Brocklehurst: Serjeant Frederic Heathcote (527461)

1st London Sanitary Section, Royal Army Medical Corps

Although there are significant gaps in our knowledge of Frederic Brocklehurst’s military career, he appears to have been an educated man, who served for a large part of the war.

Frederic Heathcote Brocklehurst was born at Eton, near Slough, in the latter part of 1891. His parents were Frank Brocklehurst (1863-1921) and his wife Jesse (née Seymour). Jesse was born in 1867 but died just under the age of thirty in 1896. Frederic had two siblings, a sister, Jesse May (born 1892) and a brother, Frank Seymour, who was born in 1896 and died in the year following. It is possible that Jesse Brocklehurst died in childbirth. Frank and Jesse had married in 1899.

It has not proved possible to locate any of the surviving Brocklehurst’s in the 1901 Census. In that of 1911 Frank is living at 8 Ashcroft Road, Cirencester, as a widower employed as a foreman letter press printer. At this time Frederic (aged 19) was living at 23 Wellington Street, Slough, as a student, lodging with his maternal grandfather, John Brown Seymour.

Frederic is listed in the University of London Student Records 1836-1945 (published on the Ancestry website) as becoming a Private in the Royal Army Medical Corps (RAMC).

No Army Service or Pension records appear to have survived for Frederic. According to the CWGC Register he joined the RAMC and served with the 1st London Sanitary Section. We know from his Medal Index Card that he was originally assigned the number 497 and that he first went abroad, to the Western Front, on 29 May 1915. His low service number and relatively early date of his posting abroad are both indicators that he was an early volunteer for the Army and as such may have chosen to serve in the RAMC. We also know that he joined as a member of the Territorial Force (TF). According to Soldiers Died in the Great War, he enlisted at Chelsea. Possibly his university studies were connected with medicine but this is an area which would require specific enquiry to the University of London.

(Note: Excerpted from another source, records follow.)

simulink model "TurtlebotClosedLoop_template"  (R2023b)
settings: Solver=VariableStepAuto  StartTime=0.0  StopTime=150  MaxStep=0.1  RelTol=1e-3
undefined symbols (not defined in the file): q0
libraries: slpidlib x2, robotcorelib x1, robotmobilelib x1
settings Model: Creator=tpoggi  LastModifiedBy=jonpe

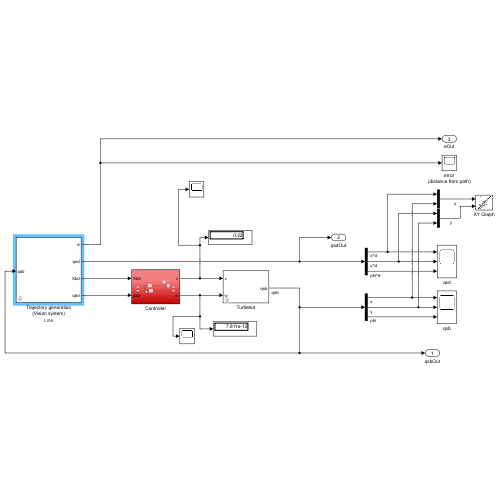
[thumbnail: Simulink's stored preview of the top-level diagram]
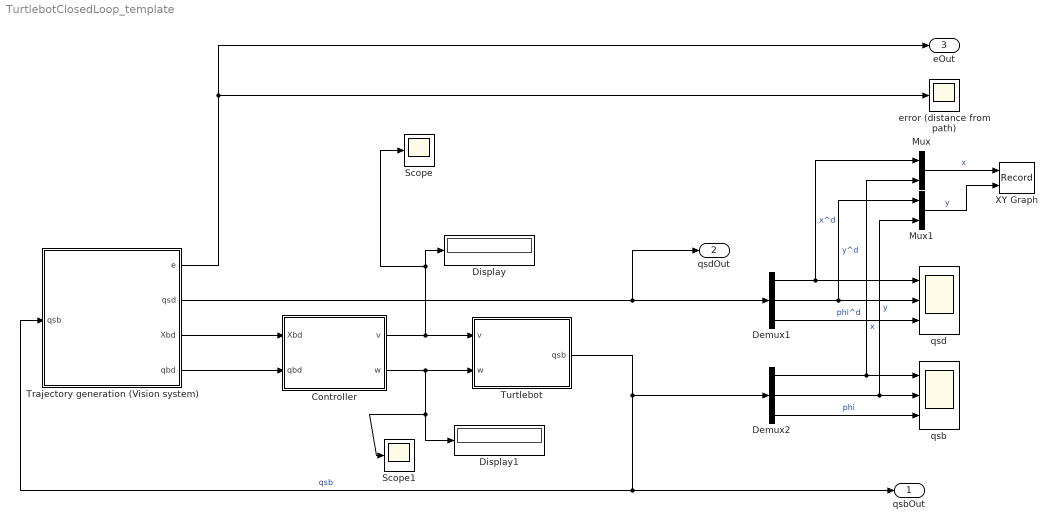
== system TurtlebotClosedLoop_template ==
  Controller : Subsystem
  Demux1 : Demux  Outputs=3
  Demux2 : Demux  Outputs=3
  Display : Display
  Display1 : Display
  Mux : Mux  Inputs=2
  Mux1 : Mux  Inputs=2
  Scope : Scope
  Scope1 : Scope
  Trajectory generation (Vision system) : Subsystem  mask(Description){PathType=Circle}
      mask prompts: PathType "Type of path"
      mask help:
      | Generate a trajectory by simulating a vision system that detects a path.
      | The path can be chosen to be a circle (radius=5m) or a straight line (y=x).
      |
      | Input:
      | - qsb: Configuration vector of the turtlebot qsb=[x,y,phi]
      |
      | Outputs:
      | - e: Error calculated as Euclidean distance with respect to the path (to be used only for visualisation).
      | - qsd: Desired trajectory in space frame (to be used only for visualisation).
      | - Xbd: SE(3) configuration of the desired position in the trurtlebot body frame.
      | - qbd: Minimal set of coordinates representing the point D on the path in the {b} frame.
      settings: AttributesFormatString=%<PathType>
      mask TypeOptions PathType: Trajectory Space Frame/PathType
  Turtlebot : Subsystem  mask{InitialState=q0}
      mask prompts: InitialState "robotics:robotslmobile:sharedblockmask:InitialStatePrompt"
      mask help:
      | Simple model of a turtlebot.
      |
      | Inputs:
      | - v: Linear velocity [m/s]
      | - w: Angular velocity [rad/s]
      |
      | Outputs:
      | - q: Configuration vector [x,y,phi]
      mask TypeOptions InitialState: Differential Drive Kinematic Model/InitialState
      mask DialogControl DescGroupVar Prompt: Description
      mask DialogControl ParameterGroupVar Prompt: Parameters:
      mask DialogControl InitialState Prompt: Initial state:
  XY Graph : Record  FileSettingsInternal="{\"entries\":[{\"content\":{\"excelSettings\":{\"content\":{},\"type\":\"Streamout.ExcelSettings\"}},\"type\":\"Streamout.FileSettingStorage\",\"uuid\":\"\"}],\"packageUris\":[\"http:\\/\\/schema.mathworks.com\\/mf0\\/streamout_blocks\\/R2020a\"],\"version\":\"1.0\"}"  Layout=[1 1]  SignalsInternal="{\"entries\":[{\"content\":{\"signals\":[{\"content\":{\"blockPath\":[],\"dimensions\":[2],\"domain\":\"\",\"hasChildren\":true,\"lineColor\":\"#139fff\",\"port\":1,\"sid\":[\"\"],\"signalID\":1,\"signalName\":\"x\"},\"type\":\"RecordBlkView.Signal\",\"uuid\":\"\"},{\"content\":{\"blockPath\":[],\"channel\":[1],\"dimensions\":[2],\"domain\":\"\",\"lineColor\":\"#4dbeee\",\"parentID\":1,\"plots\":[ 1 ],\"port\":1,\"sid\":[\"\"],\"signalID\":2,\"signalName\":\"x\"},\"type\":\"RecordBlkView.Signal\",\"uuid\":\"\"},{\"content\":{\"blockPath\":[],\"dimensions\":[2],\"domain\":\"\",\"hasChildren\":true,\"lineColor\":\"#b746ff\",\"port\":2,\"sid\":[\"\"],\"signalID\":3,\"signalName\":\"y\"},\"type\":\"RecordBlkView.Signal\",\"uuid\":\"\"},{\"content\":{\"blockPath\":[],\"channel\":[1],\"dimensions\":[2],\"domain\":\"\",\"lineColor\":\"#139fff\",\"parentID\":3,\"plots\":[ 1 ],\"port\":2,\"sid\":[\"\"],\"signalID\":4,\"signalName\":\"y\"},\"type\":\"RecordBlkView.Signal\",\"uuid\":\"\"},{\"content\":{\"blockPath\":[],\"channel\":[2],\"dimensions\":[2],\"domain\":\"\",\"lineColor\":\"#64d413\",\"parentID\":1,\"plots\":[ 1 ],\"port\":1,\"sid\":[\"\"],\"signalID\":5,\"signalName\":\"x\"},\"type\":\"RecordBlkView.Signal\",\"uuid\":\"\"},{\"content\":{\"blockPath\":[],\"channel\":[2],\"dimensions\":[2],\"domain\":\"\",\"lineColor\":\"#ff13a6\",\"parentID\":3,\"plots\":[ 1 ],\"port\":2,\"sid\":[\"\"],\"signalID\":6,\"signalName\":\"y\"},\"type\":\"RecordBlkView.Signal\",\"uuid\":\"\"}]},\"type\":\"RecordBlkView.InputSignals\",\"uuid\":\"\"}],\"packageUris\":[\"http:\\/\\/schema.mathworks.com\\/mf0\\/streamout_blocks\\/R2020a\"],\"version\":\"1.0\"}"  VisualizationBindings="{\"xyplotplugin\":{\"info\":[{\"series\":[{\"bindingParametersList\":[{\"parameter\":\"X-Axis\",\"signalID\":2,\"signalName\":\"x(1)\"},{\"parameter\":\"Y-Axis\",\"signalID\":4,\"signalName\":\"y(1)\"}],\"seriesID\":0},{\"bindingParametersList\":[{\"parameter\":\"X-Axis\",\"signalID\":5,\"signalName\":\"x(2)\"},{\"parameter\":\"Y-Axis\",\"signalID\":6,\"signalName\":\"y(2)\"}],\"seriesID\":1}],\"subplotID\":1}]}}"  CompatibilityTag=XY
  error (distance from path) : Scope
  qsb : Scope  NumInputPorts=3
  qsd : Scope  NumInputPorts=3
  qsbOut : Outport
  qsdOut : Outport  Port=2
  eOut : Outport  Port=3
  wires:
  Trajectory generation (Vision system)/1(e) -> eOut/1, error (distance from path)/1
  Demux2/2 -> qsb/2, Mux1/2  "y"
  Demux2/3 -> qsb/3  "phi"
  Mux1/1 -> XY Graph/2  "y"
  Trajectory generation (Vision system)/2(qsd) -> qsdOut/1, Demux1/1
  Mux/1 -> XY Graph/1  "x"
  Demux2/1 -> qsb/1, Mux/2  "x"
  Demux1/1 -> qsd/1, Mux/1  "x^d"
  Demux1/2 -> Mux1/1, qsd/2  "y^d"
  Turtlebot/1(qsb) -> Trajectory generation (Vision system)/1(qsb), qsbOut/1, Demux2/1  "qsb"
  Demux1/3 -> qsd/3  "phi^d"
  Trajectory generation (Vision system)/3(Xbd) -> Controller/1(Xbd)
  Trajectory generation (Vision system)/4(qbd) -> Controller/2(qbd)
  Controller/1(v) -> Scope/1, Display/1, Turtlebot/1(v)
  Controller/2(w) -> Scope1/1, Display1/1, Turtlebot/2(w)

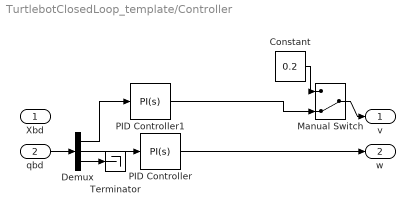
== system TurtlebotClosedLoop_template/Controller ==
  Xbd : Inport
  qbd : Inport  Port=2
  Constant : Constant  Value=0.2
  Demux : Demux  Outputs=3
  Manual Switch : ManualSwitch  CurrentSetting=0
  PID Controller : slpidlib/PID Controller  Controller=PI  Form=Parallel  TimeDomain=Continuous-time  UseExternalTs=off  SampleTime=-1  IntegratorMethod=Forward Euler  FilterMethod=Forward Euler  ControllerParametersSource=internal  P=2.5  I=1.25  UseKiTs=off  D=0  N=100  UseFilter=on  TunerSelectOption=Transfer Function Based (PID Tuner App)  InitialConditionSource=internal  InitialConditionForIntegrator=0  InitialConditionForFilter=0  DifferentiatorICPrevScaledInput=0  ExternalReset=none  TrackingMode=off  Kt=1  LimitOutput=on  SatLimitsSource=internal  UpperSaturationLimit=2.84  LowerSaturationLimit=-2.84  LinearizeAsGain=on  AntiWindupMode=clamping  Kb=1  LimitIntegrator=off  UpperIntegratorSaturationLimit=inf  LowerIntegratorSaturationLimit=-inf  POutMin=[]  POutMax=[]  IOutMin=[]  IOutMax=[]  DOutMin=[]  DOutMax=[]  NOutMin=[]  NOutMax=[]  SumOutMin=[]  SumOutMax=[]  SaturationOutMin=[]  SaturationOutMax=[]  PParamMin=[]  PParamMax=[]  IParamMin=[]  IParamMax=[]  DParamMin=[]  DParamMax=[]  NParamMin=[]  NParamMax=[]  KbParamMin=[]  KbParamMax=[]  KtParamMin=[]  KtParamMax=[]  KbOutMin=[]  KbOutMax=[]  KtOutMin=[]  KtOutMax=[]  IntegratorOutMin=[]  IntegratorOutMax=[]  FilterOutMin=[]  FilterOutMax=[]  SumI1OutMin=[]  SumI1OutMax=[]  SumI2OutMin=[]  SumI2OutMax=[]  SumI3OutMin=[]  SumI3OutMax=[]  SumI4OutMin=[]  SumI4OutMax=[]  SumDOutMin=[]  SumDOutMax=[]  DifferentiatorOutMin=[]  DifferentiatorOutMax=[]  FilterDiffOutCoefMin=[]  FilterDiffOutCoefMax=[]  ReciprocalOutMin=[]  ReciprocalOutMax=[]  SumDenOutMin=[]  SumDenOutMax=[]  SumNumOutMin=[]  SumNumOutMax=[]  DivideOutMin=[]  DivideOutMax=[]  UdiffTsProdOutMin=[]  UdiffTsProdOutMax=[]  NTsProdOutMin=[]  NTsProdOutMax=[]  UintegralTsProdOutMin=[]  UintegralTsProdOutMax=[]  UngainTsProdOutMin=[]  UngainTsProdOutMax=[]  ClampingZeroOutDataTypeStr=Inherit: Inherit via back propagation  ClampingZeroOutMin=[]  ClampingZeroOutMax=[]  FilterDenConstantOutDataTypeStr=Inherit: Inherit via back propagation  FilterDenConstantOutMin=[]  FilterDenConstantOutMax=[]  PCopyOutDataTypeStr=Inherit: Inherit via back propagation  PCopyOutMin=[]  PCopyOutMax=[]  NCopyOutDataTypeStr=Inherit: Inherit via back propagation  NCopyOutMin=[]  NCopyOutMax=[]  IntegratorContinuousStateAttributes=''  IntegratorStateMustResolveToSignalObject=off  IntegratorRTWStateStorageClass=Auto  FilterContinuousStateAttributes=''  FilterStateMustResolveToSignalObject=off  FilterRTWStateStorageClass=Auto  ParallelPVariant=InternalParameters  IdealPVariant=Disabled  IVariant=InternalParameters  DVariant=Disabled  IntegratorVariant=Continuous  SatVariant=Enabled  AWVariant=ContClampingParallel  PCopyVariant=Disabled  TRVariant=Disabled  FdbkBlocksVariant=Forward  IdealPFdbkVariant=Disabled  SatFdbkVariant=Disabled  DerivativeFilterVariant=Disabled  NVariant=Disabled  NCopyVariant=Disabled_SignalSpec  FilterICVariant=Disabled  IntegratorICVariant=InternalICs  ExternalResetVariant=Disabled  TRSumVariant=Passthrough  SumFdbkVariant=Disabled  SumVariant=Sum_PI  TsampFilterVariant=InternalTs  TsampNgainVariant=Passthrough  TsampIntegralVariant=Disabled_SignalSpec  ExternalSaturationOutDataTypeStr=Inherit: Same as second input
  PID Controller1 : slpidlib/PID Controller  Controller=PI  Form=Parallel  TimeDomain=Continuous-time  UseExternalTs=off  SampleTime=-1  IntegratorMethod=Forward Euler  FilterMethod=Forward Euler  ControllerParametersSource=internal  P=2.5  I=1.25  UseKiTs=off  D=0.25  N=100  UseFilter=on  TunerSelectOption=Transfer Function Based (PID Tuner App)  InitialConditionSource=internal  InitialConditionForIntegrator=0  InitialConditionForFilter=0  DifferentiatorICPrevScaledInput=0  ExternalReset=none  TrackingMode=off  Kt=1  LimitOutput=on  SatLimitsSource=internal  UpperSaturationLimit=0.22  LowerSaturationLimit=-0.22  LinearizeAsGain=on  AntiWindupMode=clamping  Kb=1  LimitIntegrator=off  UpperIntegratorSaturationLimit=inf  LowerIntegratorSaturationLimit=-inf  POutMin=[]  POutMax=[]  IOutMin=[]  IOutMax=[]  DOutMin=[]  DOutMax=[]  NOutMin=[]  NOutMax=[]  SumOutMin=[]  SumOutMax=[]  SaturationOutMin=[]  SaturationOutMax=[]  PParamMin=[]  PParamMax=[]  IParamMin=[]  IParamMax=[]  DParamMin=[]  DParamMax=[]  NParamMin=[]  NParamMax=[]  KbParamMin=[]  KbParamMax=[]  KtParamMin=[]  KtParamMax=[]  KbOutMin=[]  KbOutMax=[]  KtOutMin=[]  KtOutMax=[]  IntegratorOutMin=[]  IntegratorOutMax=[]  FilterOutMin=[]  FilterOutMax=[]  SumI1OutMin=[]  SumI1OutMax=[]  SumI2OutMin=[]  SumI2OutMax=[]  SumI3OutMin=[]  SumI3OutMax=[]  SumI4OutMin=[]  SumI4OutMax=[]  SumDOutMin=[]  SumDOutMax=[]  DifferentiatorOutMin=[]  DifferentiatorOutMax=[]  FilterDiffOutCoefMin=[]  FilterDiffOutCoefMax=[]  ReciprocalOutMin=[]  ReciprocalOutMax=[]  SumDenOutMin=[]  SumDenOutMax=[]  SumNumOutMin=[]  SumNumOutMax=[]  DivideOutMin=[]  DivideOutMax=[]  UdiffTsProdOutMin=[]  UdiffTsProdOutMax=[]  NTsProdOutMin=[]  NTsProdOutMax=[]  UintegralTsProdOutMin=[]  UintegralTsProdOutMax=[]  UngainTsProdOutMin=[]  UngainTsProdOutMax=[]  ClampingZeroOutDataTypeStr=Inherit: Inherit via back propagation  ClampingZeroOutMin=[]  ClampingZeroOutMax=[]  FilterDenConstantOutDataTypeStr=Inherit: Inherit via back propagation  FilterDenConstantOutMin=[]  FilterDenConstantOutMax=[]  PCopyOutDataTypeStr=Inherit: Inherit via back propagation  PCopyOutMin=[]  PCopyOutMax=[]  NCopyOutDataTypeStr=Inherit: Inherit via back propagation  NCopyOutMin=[]  NCopyOutMax=[]  IntegratorContinuousStateAttributes=''  IntegratorStateMustResolveToSignalObject=off  IntegratorRTWStateStorageClass=Auto  FilterContinuousStateAttributes=''  FilterStateMustResolveToSignalObject=off  FilterRTWStateStorageClass=Auto  ParallelPVariant=InternalParameters  IdealPVariant=Disabled  IVariant=InternalParameters  DVariant=Disabled  IntegratorVariant=Continuous  SatVariant=Enabled  AWVariant=ContClampingParallel  PCopyVariant=Disabled  TRVariant=Disabled  FdbkBlocksVariant=Forward  IdealPFdbkVariant=Disabled  SatFdbkVariant=Disabled  DerivativeFilterVariant=Disabled  NVariant=Disabled  NCopyVariant=Disabled_SignalSpec  FilterICVariant=Disabled  IntegratorICVariant=InternalICs  ExternalResetVariant=Disabled  TRSumVariant=Passthrough  SumFdbkVariant=Disabled  SumVariant=Sum_PI  TsampFilterVariant=InternalTs  TsampNgainVariant=Passthrough  TsampIntegralVariant=Disabled_SignalSpec  ExternalSaturationOutDataTypeStr=Inherit: Same as second input
  Terminator : Terminator
  v : Outport
  w : Outport  Port=2
  wires:
  qbd/1 -> Demux/1
  Demux/2 -> PID Controller/1
  Demux/3 -> Terminator/1
  PID Controller1/1 -> Manual Switch/2
  Demux/1 -> PID Controller1/1
  PID Controller/1 -> w/1
  Constant/1 -> Manual Switch/1
  Manual Switch/1 -> v/1

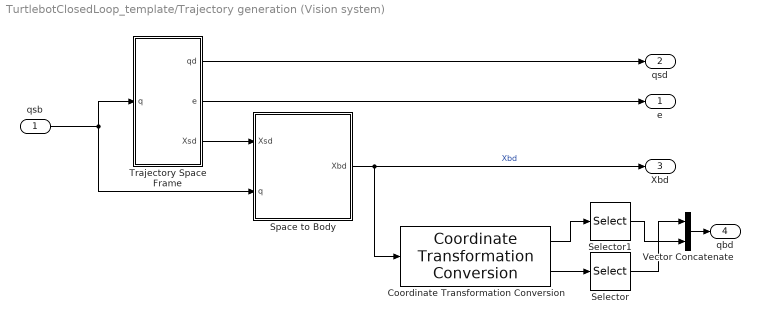
== system TurtlebotClosedLoop_template/Trajectory generation (Vision system) ==
  qsb : Inport
  Coordinate Transformation Conversion : robotcorelib/Coordinate Transformation Conversion  InputRepresentation=Homogeneous Transformation  InputEulerSequence=ZYX  ShowTrVecInputPort=on  OutputRepresentation=Euler Angles  OutputEulerSequence=ZYX  ShowTrVecOutputPort=on  SimulateUsing=Interpreted execution
  Selector : Selector  InputPortWidth=3  IndexOptions=Index vector (dialog)  Indices=[1 2]  OutputSizes=1
  Selector1 : Selector  InputPortWidth=3  IndexOptions=Index vector (dialog)  Indices=1  OutputSizes=1
  Space to Body : MATLAB Function  TreatAsAtomicUnit=on
  Trajectory Space Frame : Subsystem  mask{xr=0.3, yr=0, PathType=Circle, xc=0, yc=0, r=5, m=1, c=0}
      mask prompts: PathType "Type of path"; xc "Centre x coord"; yc "Centre y coord"; r "Radius"
      mask TypeOptions xr: Reference Point/xr/Value
      mask TypeOptions yr: Reference Point/yr/Value
      mask TypeOptions PathType: Distance from path/PathType | Find point on path/PathType
      mask TypeOptions xc: Distance from path/xc | Find point on path/xc
      mask TypeOptions yc: Distance from path/yc | Find point on path/yc
      mask TypeOptions r: Distance from path/r | Find point on path/r
      mask TypeOptions m: Distance from path/m | Find point on path/m
      mask TypeOptions c: Distance from path/c | Find point on path/c
      mask DialogControl ParameterGroupVar Prompt: Reference Point
      mask DialogControl Container4 Prompt: Line parameters
      mask DialogControl Container5 Prompt: Circle Paramters
  Vector Concatenate : Concatenate
  e : Outport
  qsd : Outport  Port=2
  Xbd : Outport  Port=3
  qbd : Outport  Port=4
  wires:
  qsb/1 -> Trajectory Space Frame/1(q), Space to Body/2(q)
  Space to Body/1(Xbd) -> Coordinate Transformation Conversion/1, Xbd/1  "Xbd"
  Trajectory Space Frame/1(qd) -> qsd/1
  Trajectory Space Frame/3(Xsd) -> Space to Body/1(Xsd)
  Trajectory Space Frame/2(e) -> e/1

According to a posting on the Long, Long Trail website, the 1st London Sanitary Section was an experimental TF unit, formed in 1908 and based at the Duke of York’s Barrack in Chelsea. The RAMC Sanitary Sections (SS) first went abroad, to the various theatres of war, in early to mid-1915 and worked in conjunction with Field Ambulances. They did not come under direct Corps or Army control until March 1917. This was when all personnel serving in TF were allocated new six digit numbers and Frederic’s became 527461. SS units were small, usually around 25 men, commanded by a Lieutenant or Second Lieutenant, with two Serjeants, two Corporals and 20 or so Privates. It must be a reflection of Frederic’s capabilities that he saw promotion to Acting Serjeant. Each man in the unit had expertise in sanitary inspection, architecture, engineering and building.

This is almost as much as it has been possible to discover about Frederic. He died at Napsbury War Hospital, St Albans on 21 June 1918, age 27. How he came to be there and the reason for his admission are not known. Napsbury was originally built to house the mentally ill but was turned over to the treatment of wounded soldiers for the duration of the war. It was also known as the County of Middlesex War Hospital.

Acting Serjeant Frederic Heathcote Brocklehurst was buried in Cirencester (Chesterton) Cemetery on 25 June 1918, where a standard CWGC headstone now marks his grave. He is commemorated on Cirencester War Memorial and also on the memorial inside Bigham Hall Grammar School.